2012) as specified by the manufacturer (see the technical information data sheet). Cytochrome oxidase (CO) staining Two rats were used to verify the possibility of using the technique in this series of experiments. Animals were perfused and tissues postfixed and cut as described

above. Brains were freeze sectioned in the sagittal plane. Two consecutive sections, one per stereotaxic plane, were used in two different ways. The first sections (60 μm thick) were incubated at 37°C in the dark for 10–12 Inhibitors,research,lifescience,medical h in a solution containing 50 mg DAB, 30 mg cytochrome C (Type III, Sigma), and 4 g sucrose dissolved in 90 mL PB (0.1 mmol/L, pH 7.4; Wong-Riley 1979). Incubation was arrested when a clear differentiation between cerebral cortex and cc was visible. Sections were rinsed many times in PB, mounted on subbed slides, air-dried, dehydrated Inhibitors,research,lifescience,medical in xylene and then

coverslipped.

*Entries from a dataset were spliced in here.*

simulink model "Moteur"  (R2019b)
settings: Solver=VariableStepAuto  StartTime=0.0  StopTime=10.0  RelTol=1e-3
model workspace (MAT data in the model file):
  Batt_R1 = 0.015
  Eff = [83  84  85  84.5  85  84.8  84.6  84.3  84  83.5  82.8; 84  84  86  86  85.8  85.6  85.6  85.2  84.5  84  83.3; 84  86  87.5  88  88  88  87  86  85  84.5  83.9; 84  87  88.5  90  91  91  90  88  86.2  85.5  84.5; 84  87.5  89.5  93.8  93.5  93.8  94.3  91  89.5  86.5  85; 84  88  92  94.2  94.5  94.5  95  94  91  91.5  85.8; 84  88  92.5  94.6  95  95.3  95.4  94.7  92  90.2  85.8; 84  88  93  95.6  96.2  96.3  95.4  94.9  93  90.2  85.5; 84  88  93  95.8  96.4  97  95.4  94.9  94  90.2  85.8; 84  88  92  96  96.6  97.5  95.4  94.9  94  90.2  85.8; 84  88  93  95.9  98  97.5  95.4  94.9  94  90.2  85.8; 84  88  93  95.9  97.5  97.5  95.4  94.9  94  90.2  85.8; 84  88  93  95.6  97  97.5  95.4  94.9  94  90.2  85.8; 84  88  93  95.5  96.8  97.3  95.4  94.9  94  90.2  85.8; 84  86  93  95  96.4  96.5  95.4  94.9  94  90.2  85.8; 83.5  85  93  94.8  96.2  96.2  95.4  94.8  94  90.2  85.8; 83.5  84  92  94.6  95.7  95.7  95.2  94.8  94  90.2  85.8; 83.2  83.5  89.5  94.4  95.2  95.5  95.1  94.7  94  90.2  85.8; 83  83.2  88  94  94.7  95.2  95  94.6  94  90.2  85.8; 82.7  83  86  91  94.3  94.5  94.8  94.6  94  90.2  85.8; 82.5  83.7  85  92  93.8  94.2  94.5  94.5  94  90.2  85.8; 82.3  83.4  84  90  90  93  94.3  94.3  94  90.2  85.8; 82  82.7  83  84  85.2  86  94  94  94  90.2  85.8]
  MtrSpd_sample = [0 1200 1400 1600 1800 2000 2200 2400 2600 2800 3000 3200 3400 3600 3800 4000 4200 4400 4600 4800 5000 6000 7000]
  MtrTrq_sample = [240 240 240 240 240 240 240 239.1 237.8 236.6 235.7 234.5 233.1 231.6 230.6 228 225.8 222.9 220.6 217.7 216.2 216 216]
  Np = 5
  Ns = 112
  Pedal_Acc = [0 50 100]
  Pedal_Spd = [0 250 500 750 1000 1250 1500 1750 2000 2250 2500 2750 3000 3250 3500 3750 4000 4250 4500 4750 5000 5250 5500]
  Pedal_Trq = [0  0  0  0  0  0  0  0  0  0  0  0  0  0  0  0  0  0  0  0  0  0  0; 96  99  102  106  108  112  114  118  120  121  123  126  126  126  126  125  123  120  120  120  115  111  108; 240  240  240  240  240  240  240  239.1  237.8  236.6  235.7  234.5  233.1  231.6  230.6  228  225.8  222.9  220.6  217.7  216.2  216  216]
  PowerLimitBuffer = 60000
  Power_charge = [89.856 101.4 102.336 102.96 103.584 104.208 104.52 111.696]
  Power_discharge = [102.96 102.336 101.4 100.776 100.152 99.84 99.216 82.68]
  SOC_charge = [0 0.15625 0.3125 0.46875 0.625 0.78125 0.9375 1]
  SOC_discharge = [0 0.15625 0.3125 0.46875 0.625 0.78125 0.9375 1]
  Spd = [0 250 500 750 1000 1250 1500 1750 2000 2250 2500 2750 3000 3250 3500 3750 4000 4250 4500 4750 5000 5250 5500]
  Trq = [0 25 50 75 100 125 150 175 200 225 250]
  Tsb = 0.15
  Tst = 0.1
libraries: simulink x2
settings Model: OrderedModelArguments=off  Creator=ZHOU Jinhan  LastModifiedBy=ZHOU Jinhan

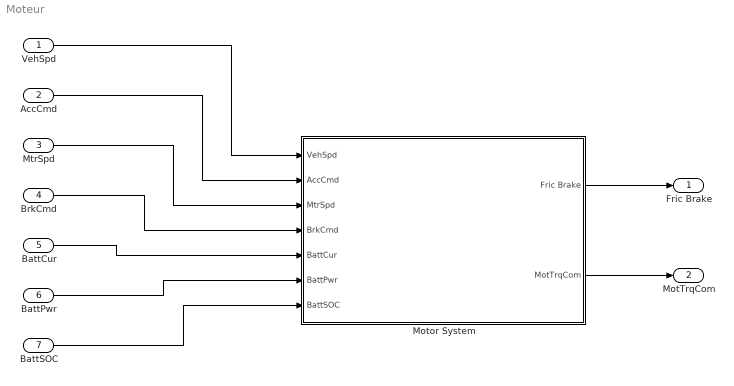
== system Moteur ==
  VehSpd : Inport
  AccCmd : Inport  Port=2
  MtrSpd : Inport  Port=3
  BrkCmd : Inport  Port=4
  BattCur : Inport  Port=5
  BattPwr : Inport  Port=6
  BattSOC : Inport  Port=7
  Motor System : Subsystem  mask(DatasheetMotor){Eff=[83 84 85 84.5 85 84.8 84.59999999999999 84.3 84 83.5 82.8;84 84 86 86 85.8 85.59999999999999 85.59999999999999 85.2 84.5 84 83.3;84 86 87.5 88 88 88 87 86 85 84.5 83.90000000000001;84 87 88.5 90 91 91 90 88 86.2 85.5 84.5;84 87.5 89.5 93.8 93.5 93.8 94.3 91 89.5 86.5 85;84 88 92 94.2 94.5 94.5 95 94 91 91.5 85.8;84 88 92.5 94.59999999999999 95 95.3 95.40000000000001 94.7 92 90.2 85.8;84 88 93 95.59999999999999 96.2 96.3 95.40000000000001 94.90000000000001 93 90.2 85.5;84 88 93 95.8 96.40000000000001 97 95.40000000000001 94.90000000000001 94 90.2 85.8;84 88 92 96 96.59999999999999 97.5 95.40000000000001 94.90000000000001 94 90.2 85.8;84 88 93 95.90000000000001 98 97.5 95.40000000000001 94.90000000000001 94 90.2 85.8;84 88 93 95.90000000000001 97.5 97.5 95.40000000000001 94.90000000000001 94 90.2 85.8;84 88 93 95.59999999999999 97 97.5 95.40000000000001 94.90000000000001 94 90.2 85.8;84 88 93 95.5 96.8 97.3 95.40000000000001 94.90000000000001 94 90.2 85.8;84 86 93 95 96.40000000000001 96.5 95.40000000000001 94.90000000000001 94 90.2 85.8;83.5 85 93 94.8 96.2 96.2 95.40000000000001 94.8 94 90.2 85.8;83.5 84 92 94.59999999999999 95.7 95.7 95.2 94.8 94 90.2 85.8;83.2 83.5 89.5 94.40000000000001 95.2 95.5 95.09999999999999 94.7 94 90.2 85.8;83 83.2 88 94 94.7 95.2 95 94.59999999999999 94 90.2 85.8;82.7 83 86 91 94.3 94.5 94.8 94.59999999999999 94 90.2 85.8;82.5 83.7 85 92 93.8 94.2 94.5 94.5 94 90.2 85.8;82.3 83.40000000000001 84 90 90 93 94.3 94.3 94 90.2 85.8;82 82.7 83 84 85.2 86 94 94 94 90.2 85.8], Batt_R1=0.015, MtrSpd_sample=[0 1200 1400 1600 1800 2000 2200 2400 2600 2800 3000 3200 3400 3600 3800 4000 4200 4400 4600 4800 5000 6000 7000], MtrTrq_sample=[240 240 240 240 240 240 240 239.1 237.8 236.6 235.7 234.5 233.1 231.6 230.6 228 225.8 222.9 220.6 217.7 216.2 216 216], Np=5, Ns=112, Pedal_Acc=[0 50 100], Pedal_Spd=[0 250 500 750 1000 1250 1500 1750 2000 2250 2500 2750 3000 3250 3500 3750 4000 4250 4500 4750 5000 5250 5500], Pedal_Trq=[0 0 0 0 0 0 0 0 0 0 0 0 0 0 0 0 0 0 0 0 0 0 0;96 99 102 106 108 112 114 118 120 121 123 126 126 126 126 125 123 120 120 120 115 111 108;240 240 240 240 240 240 240 239.1 237.8 236.6 235.7 234.5 233.1 231.6 230.6 228 225.8 222.9 220.6 217.7 216.2 216 216], PowerLimitBuffer=60000, Power_charge=[89.85599999999999 101.4 102.336 102.96 103.584 104.208 104.52 111.696], Power_discharge=[102.96 102.336 101.4 100.776 100.152 99.84 99.21600000000001 82.67999999999999], SOC_charge=[0 0.15625 0.3125 0.46875 0.625 0.78125 0.9375 1], SOC_discharge=[0 0.15625 0.3125 0.46875 0.625 0.78125 0.9375 1], Spd=[0 250 500 750 1000 1250 1500 1750 2000 2250 2500 2750 3000 3250 3500 3750 4000 4250 4500 4750 5000 5250 5500], Trq=[0 25 50 75 100 125 150 175 200 225 250], Tsb=0.15, Tst=0.1}
      mask Display: image('$imagefile'); % Use "Edit Image" on toolstrip to change.
  Fric Brake : Outport
  MotTrqCom : Outport  Port=2
  wires:
  VehSpd/1 -> Motor System/1(VehSpd)
  AccCmd/1 -> Motor System/2(AccCmd)
  MtrSpd/1 -> Motor System/3(MtrSpd)
  BrkCmd/1 -> Motor System/4(BrkCmd)
  BattCur/1 -> Motor System/5(BattCur)
  BattPwr/1 -> Motor System/6(BattPwr)
  BattSOC/1 -> Motor System/7(BattSOC)
  Motor System/1(Fric Brake) -> Fric Brake/1
  Motor System/2(MotTrqCom) -> MotTrqCom/1

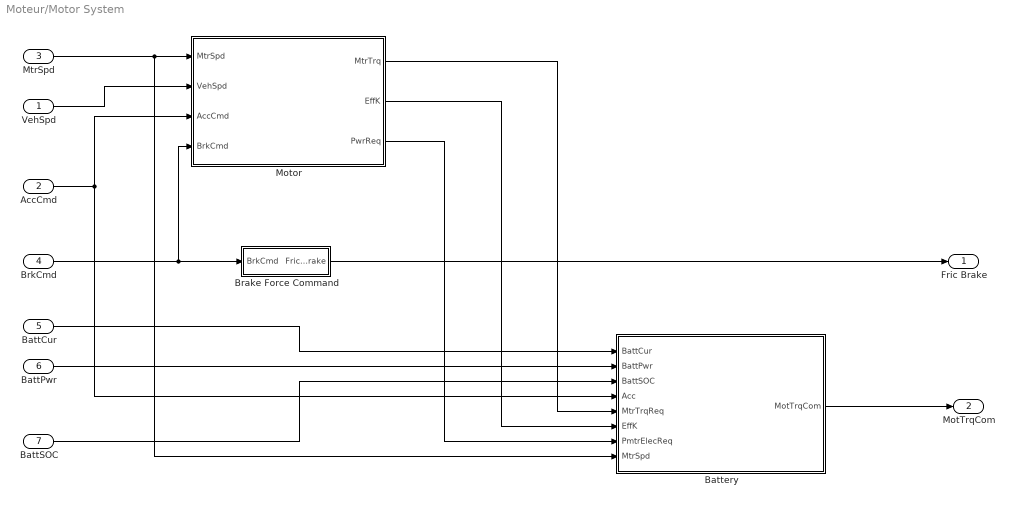
== system Moteur/Motor System ==
  VehSpd : Inport
  AccCmd : Inport  Port=2
  MtrSpd : Inport  Port=3
  BrkCmd : Inport  Port=4
  BattCur : Inport  Port=5
  BattPwr : Inport  Port=6
  BattSOC : Inport  Port=7
  Battery : Subsystem
      mask Display: image('$imagefile'); % Use "Edit Image" on toolstrip to change.
  Brake Force Command : Subsystem
  Motor : Subsystem
      mask Display: image('$imagefile'); % Use "Edit Image" on toolstrip to change.
  Fric Brake : Outport
  MotTrqCom : Outport  Port=2
  wires:
  Motor/2(EffK) -> Battery/6(EffK)
  Brake Force Command/1(Fric Brake) -> Fric Brake/1
  MtrSpd/1 -> Battery/8(MtrSpd), Motor/1(MtrSpd)
  Motor/3(PwrReq) -> Battery/7(PmtrElecReq)
  BrkCmd/1 -> Motor/4(BrkCmd), Brake Force Command/1(BrkCmd)
  BattCur/1 -> Battery/1(BattCur)
  AccCmd/1 -> Motor/3(AccCmd), Battery/4(Acc)
  Motor/1(MtrTrq) -> Battery/5(MtrTrqReq)
  VehSpd/1 -> Motor/2(VehSpd)
  BattPwr/1 -> Battery/2(BattPwr)
  BattSOC/1 -> Battery/3(BattSOC)
  Battery/1(MotTrqCom) -> MotTrqCom/1

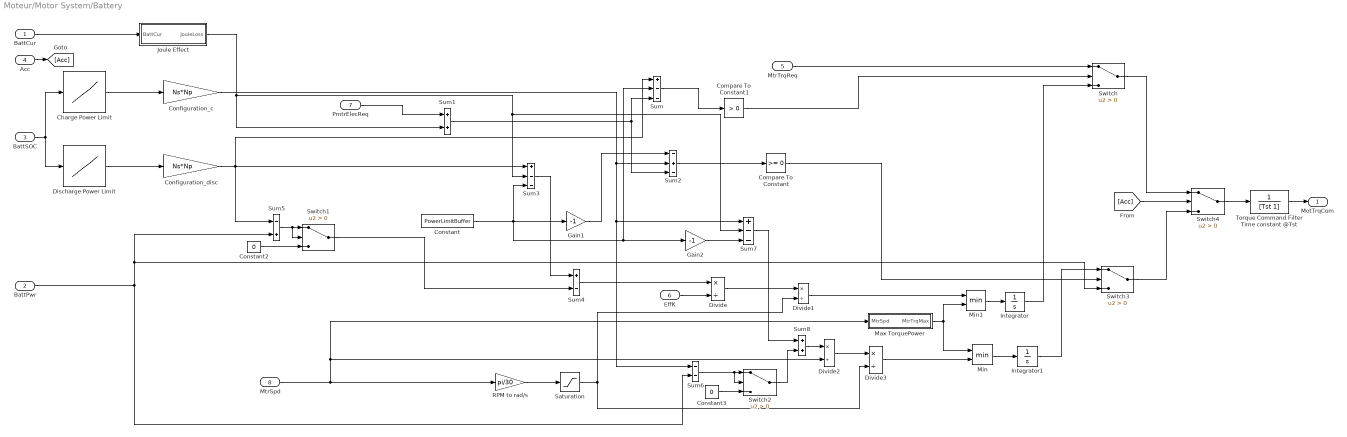
== system Moteur/Motor System/Battery ==
  BattCur : Inport
  BattPwr : Inport  Port=2
  BattSOC : Inport  Port=3
  Acc : Inport  Port=4
  MtrTrqReq : Inport  Port=5
  EffK : Inport  Port=6
  PmtrElecReq : Inport  Port=7
  MtrSpd : Inport  Port=8
  Charge Power Limit : Lookup_n-D  NumberOfTableDimensions=1  BreakpointsForDimension1=SOC_charge  Table=Power_charge  InterpMethod=Linear Lagrange  InternalRulePriority=Speed  RndMeth=Simplest  InputSameDT=on
  Compare To Constant : simulink/Logic and Bit Operations/Compare To Constant  relop=>=  const=0  OutDataTypeStr=boolean
  Compare To Constant1 : simulink/Logic and Bit Operations/Compare To Constant  relop=>  const=0  OutDataTypeStr=boolean
  Configuration_c : Gain  Gain=Ns*Np
  Configuration_disc : Gain  Gain=Ns*Np
  Constant : Constant  Value=PowerLimitBuffer
  Constant2 : Constant  Value=0
  Constant3 : Constant  Value=0
  Discharge Power Limit : Lookup_n-D  NumberOfTableDimensions=1  BreakpointsForDimension1=SOC_discharge  Table=Power_discharge  InterpMethod=Linear Lagrange  InternalRulePriority=Speed  RndMeth=Simplest  InputSameDT=on
  Divide{,1..3} (4 alike) : Product  Inputs=*/
  Gain1 : Gain  Gain=-1
  Gain2 : Gain  Gain=-1
  Integrator : Integrator
  Integrator1 : Integrator
  Joule Effect : Subsystem
  Max TorquePower : Subsystem
  Min : MinMax  Inputs=2
  Min1 : MinMax  Inputs=2
  RPM to rad/s : Gain  Gain=pi/30
  Saturation : Saturate  UpperLimit=Inf  LowerLimit=0.0001
  Sum : Sum  Inputs=+--
  Sum1 : Sum
  Sum2 : Sum  Inputs=-+-
  Sum3 : Sum  Inputs=+--
  Sum4 : Sum  Inputs=+-
  Sum5 : Sum  Inputs=-+
  Sum6 : Sum  Inputs=--
  Sum7 : Sum  Inputs=+--
  Sum8 : Sum
  Switch{,1..4} (5 alike) : Switch  Criteria=u2 > Threshold
  Torque Command Filter Time constant @Tst : TransferFcn  Denominator=[Tst 1]
  MotTrqCom : Outport
  wires:
  MtrTrqReq/1 -> Switch/1
  Integrator/1 -> Switch/3
  MtrSpd/1 -> Max TorquePower/1(MtrSpd), Divide2/2, RPM to rad/s/1
  Constant/1 -> Sum3/3, Sum/2, Gain2/1, Gain1/1
  Sum7/1 -> Sum8/1
  Switch2/1 -> Sum8/2
  BattPwr/1 -> Sum6/2, Sum5/2, Switch3/3
  Saturation/1 -> Divide3/2, Divide1/2
  Torque Command Filter Time constant @Tst/1 -> MotTrqCom/1
  Sum1/1 -> Sum2/3, Sum/3
  [Acc] -> Switch4/2
  BattSOC/1 -> Discharge Power Limit/1, Charge Power Limit/1
  Divide2/1 -> Divide3/1
  Switch/1 -> Switch4/1
  Sum/1 -> Compare To Constant1/1
  Compare To Constant/1 -> Switch3/2
  Constant2/1 -> Switch1/3
  Compare To Constant1/1 -> Switch/2
  EffK/1 -> Divide/2
  Switch1/1 -> Sum4/2
  Sum8/1 -> Divide2/1
  Gain1/1 -> Sum2/1
  Sum3/1 -> Sum4/1
  Divide/1 -> Divide1/1
  Sum4/1 -> Divide/1
  Sum5/1 -> Switch1/2, Switch1/1
  Integrator1/1 -> Switch3/1
  Switch3/1 -> Switch4/3
  Sum6/1 -> Switch2/2, Switch2/1
  Sum2/1 -> Compare To Constant/1
  Constant3/1 -> Switch2/3
  Switch4/1 -> Torque Command Filter Time constant @Tst/1
  PmtrElecReq/1 -> Sum1/1
  Min/1 -> Integrator1/1
  RPM to rad/s/1 -> Saturation/1
  Acc/1 -> [Acc]
  Min1/1 -> Integrator/1
  Max TorquePower/1(MtrTrqMax) -> Min/1, Min1/2
  Divide1/1 -> Min1/1
  Divide3/1 -> Min/2
  Joule Effect/1(JouleLoss) -> Sum3/2, Sum7/2, Sum1/2
  BattCur/1 -> Joule Effect/1(BattCur)
  Gain2/1 -> Sum7/3
  Configuration_c/1 -> Sum6/1, Sum7/1, Sum2/2
  Configuration_disc/1 -> Sum/1, Sum3/1, Sum5/1
  Discharge Power Limit/1 -> Configuration_disc/1
  Charge Power Limit/1 -> Configuration_c/1

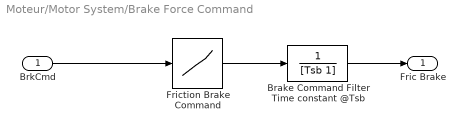
== system Moteur/Motor System/Brake Force Command ==
  BrkCmd : Inport
  Brake Command Filter Time constant @Tsb : TransferFcn  Denominator=[Tsb 1]
  Friction Brake Command : Lookup_n-D  NumberOfTableDimensions=1  BreakpointsForDimension1=[0 0.1 0.2 0.4 0.6 0.8 1]  Table=[0 0 0.2 0.4 0.6 0.8 1]*60  InternalRulePriority=Speed  RndMeth=Simplest  InputSameDT=on
  Fric Brake : Outport
  wires:
  BrkCmd/1 -> Friction Brake Command/1
  Brake Command Filter Time constant @Tsb/1 -> Fric Brake/1
  Friction Brake Command/1 -> Brake Command Filter Time constant @Tsb/1

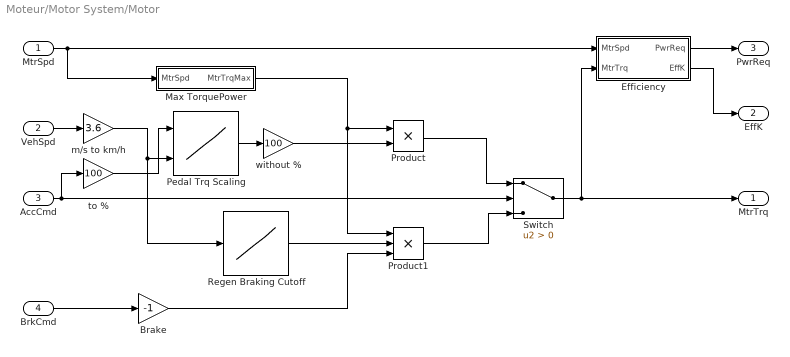
== system Moteur/Motor System/Motor ==
  MtrSpd : Inport
  VehSpd : Inport  Port=2
  AccCmd : Inport  Port=3
  BrkCmd : Inport  Port=4
  Brake : Gain  Gain=-1
  Efficiency : Subsystem
  Max TorquePower : Subsystem
  Pedal Trq Scaling : Lookup_n-D  BreakpointsForDimension1=Pedal_Acc  BreakpointsForDimension2=Pedal_Spd  Table=Pedal_Trq  InterpMethod=Linear Lagrange  InternalRulePriority=Speed  RndMeth=Simplest  InputSameDT=on
  Product : Product
  Product1 : Product  Inputs=3
  Regen Braking Cutoff : Lookup_n-D  NumberOfTableDimensions=1  BreakpointsForDimension1=[0.5 1]  BeginIndexSearchUsingPreviousIndexResult=on  Table=[0 1]  ExtrapMethod=Clip  InternalRulePriority=Speed  RndMeth=Simplest  InputSameDT=on
  Switch : Switch  Criteria=u2 > Threshold
  m/s to km/h : Gain  Gain=3.6
  to % : Gain  Gain=100
  without % : Gain  Gain=100
  MtrTrq : Outport
  EffK : Outport  Port=2
  PwrReq : Outport  Port=3
  wires:
  MtrSpd/1 -> Efficiency/1(MtrSpd), Max TorquePower/1(MtrSpd)
  Efficiency/1(PwrReq) -> PwrReq/1
  AccCmd/1 -> to %/1, Switch/2
  VehSpd/1 -> m/s to km/h/1
  Pedal Trq Scaling/1 -> without %/1
  without %/1 -> Product/2
  Max TorquePower/1(MtrTrqMax) -> Product1/1, Product/1
  Product/1 -> Switch/1
  BrkCmd/1 -> Brake/1
  Product1/1 -> Switch/3
  Switch/1 -> MtrTrq/1, Efficiency/2(MtrTrq)
  Regen Braking Cutoff/1 -> Product1/2
  Brake/1 -> Product1/3
  Efficiency/2(EffK) -> EffK/1
  m/s to km/h/1 -> Regen Braking Cutoff/1, Pedal Trq Scaling/2
  to %/1 -> Pedal Trq Scaling/1

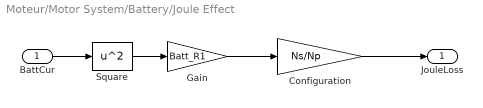
== system Moteur/Motor System/Battery/Joule Effect ==
  BattCur : Inport
  Configuration : Gain  Gain=Ns/Np
  Gain : Gain  Gain=Batt_R1
  Square : Math  Operator=square  SignedPower=off  SaturateOnIntegerOverflow=on
  JouleLoss : Outport
  wires:
  Square/1 -> Gain/1
  BattCur/1 -> Square/1
  Gain/1 -> Configuration/1
  Configuration/1 -> JouleLoss/1

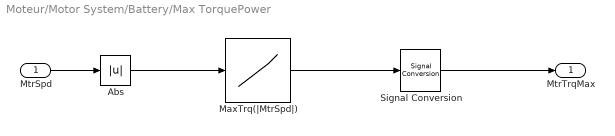
== system Moteur/Motor System/Battery/Max TorquePower ==
  MtrSpd : Inport
  Abs : Abs
  MaxTrq(|MtrSpd|) : Lookup_n-D  NumberOfTableDimensions=1  BreakpointsForDimension1=MtrSpd_sample  Table=MtrTrq_sample  InterpMethod=Linear Lagrange  InternalRulePriority=Speed  RndMeth=Simplest  InputSameDT=on
  Signal Conversion : SignalConversion  OverrideOpt=off
  MtrTrqMax : Outport
  wires:
  Abs/1 -> MaxTrq(|MtrSpd|)/1
  MaxTrq(|MtrSpd|)/1 -> Signal Conversion/1
  Signal Conversion/1 -> MtrTrqMax/1
  MtrSpd/1 -> Abs/1

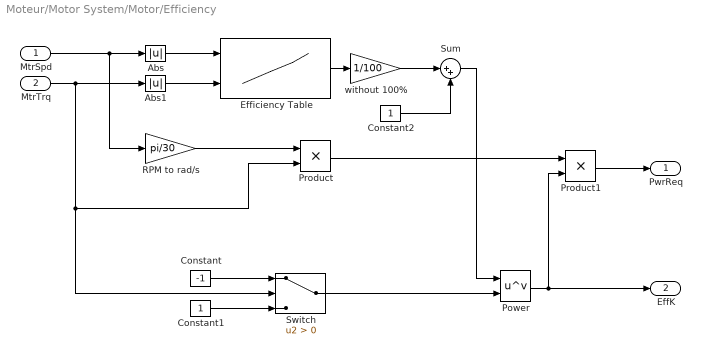
== system Moteur/Motor System/Motor/Efficiency ==
  MtrSpd : Inport
  MtrTrq : Inport  Port=2
  Abs : Abs
  Abs1 : Abs
  Constant : Constant  Value=-1
  Constant1 : Constant
  Constant2 : Constant
  Efficiency Table : Lookup_n-D  LookupTableObject=Efficiency  BreakpointsForDimension1=Spd  BreakpointsForDimension2=Trq  Table=Eff  InterpMethod=Linear Lagrange  InternalRulePriority=Speed  RndMeth=Simplest  InputSameDT=on
  Power : Math  Operator=pow  SignedPower=off  SaturateOnIntegerOverflow=on
  Product : Product
  Product1 : Product
  RPM to rad/s : Gain  Gain=pi/30
  Sum : Sum  Inputs=|++
  Switch : Switch  Criteria=u2 > Threshold
  without 100% : Gain  Gain=1/100
  PwrReq : Outport
  EffK : Outport  Port=2
  wires:
  MtrSpd/1 -> RPM to rad/s/1, Abs/1
  MtrTrq/1 -> Switch/2, Product/2, Abs1/1
  Efficiency Table/1 -> without 100%/1
  Sum/1 -> Power/1
  Abs/1 -> Efficiency Table/1
  Abs1/1 -> Efficiency Table/2
  without 100%/1 -> Sum/1
  Constant/1 -> Switch/1
  Constant1/1 -> Switch/3
  Switch/1 -> Power/2
  RPM to rad/s/1 -> Product/1
  Constant2/1 -> Sum/2
  Product/1 -> Product1/1
  Power/1 -> Product1/2, EffK/1
  Product1/1 -> PwrReq/1

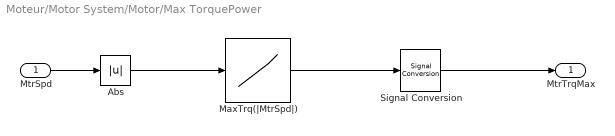
== system Moteur/Motor System/Motor/Max TorquePower ==
  MtrSpd : Inport
  Abs : Abs
  MaxTrq(|MtrSpd|) : Lookup_n-D  NumberOfTableDimensions=1  BreakpointsForDimension1=MtrSpd_sample  Table=MtrTrq_sample  InterpMethod=Linear Lagrange  InternalRulePriority=Speed  RndMeth=Simplest  InputSameDT=on
  Signal Conversion : SignalConversion  OverrideOpt=off
  MtrTrqMax : Outport
  wires:
  Abs/1 -> MaxTrq(|MtrSpd|)/1
  MaxTrq(|MtrSpd|)/1 -> Signal Conversion/1
  Signal Conversion/1 -> MtrTrqMax/1
  MtrSpd/1 -> Abs/1

The adjacent sections (40 μm thick) were counterstained with neutral red (1% in aqueous solution) and then coverslipped. Selected sections from CC-NADPH-1/11, CC-nNOS-1/6 and CC-Fl-1 and -2 were used for CO staining as described above. Data analysis The distribution of NADPH-d+ Inhibitors,research,lifescience,medical and NOSIP neurons in the cc was obtained using a camera lucida attached to a Leitz Orthoplan microscope equipped with a 25× objective. Callosal boundaries were obtained by comparing the sections reacted for COHi with those counterstained with neutral red. The reconstructions thus obtained were

then compared with those of the atlas of Paxinos Inhibitors,research,lifescience,medical and Watson (1982). Counts were performed in serial sagittal sections from two animals (CC-NADPH-10-11; see Table ​Table2).2). The total number of intracallosal NADPH-d+ neurons was calculated on sections from both hemispheres starting from the lateral 4.5 sagittal plane of one hemisphere to reach Inhibitors,research,lifescience,medical the same stereotaxic plane in the contralateral hemisphere. Table 2 (A) Arbitrary subdivisions of the rat cc, (B) Number of NADPH-d+ neurons in the three subdivisions of the rat cc Microscopic studies of the morphology and percentage of intracallosal neurons (three cases: CC-NADPH-d-5; -7; -9; see Tables ​Tables3,3, ​,4)4) were Batimastat performed using staining criteria similar to those of previous Golgi and NADPH-d studies (Jacobs and Scheibel 1993; Jacobs et al. 1993; Phillips et al. 2000; Barrera et al. 2001). Selected neurons, drawn using a camera lucida and a 100× oil immersion objective, exhibited the following characteristics: (1) labeled neurons had a clearly selleck chemicals Gefitinib distinguishable morphology; (2) cell bodies had a central location within the 60-μm section depth to minimize the cutting of dendritic branches near the section surface; (3) dendrites were not overly obscured by other heavily stained processes from nearby cells; (4) dendritic trees were intensely labeled and did not show discontinuity with their cell bodies.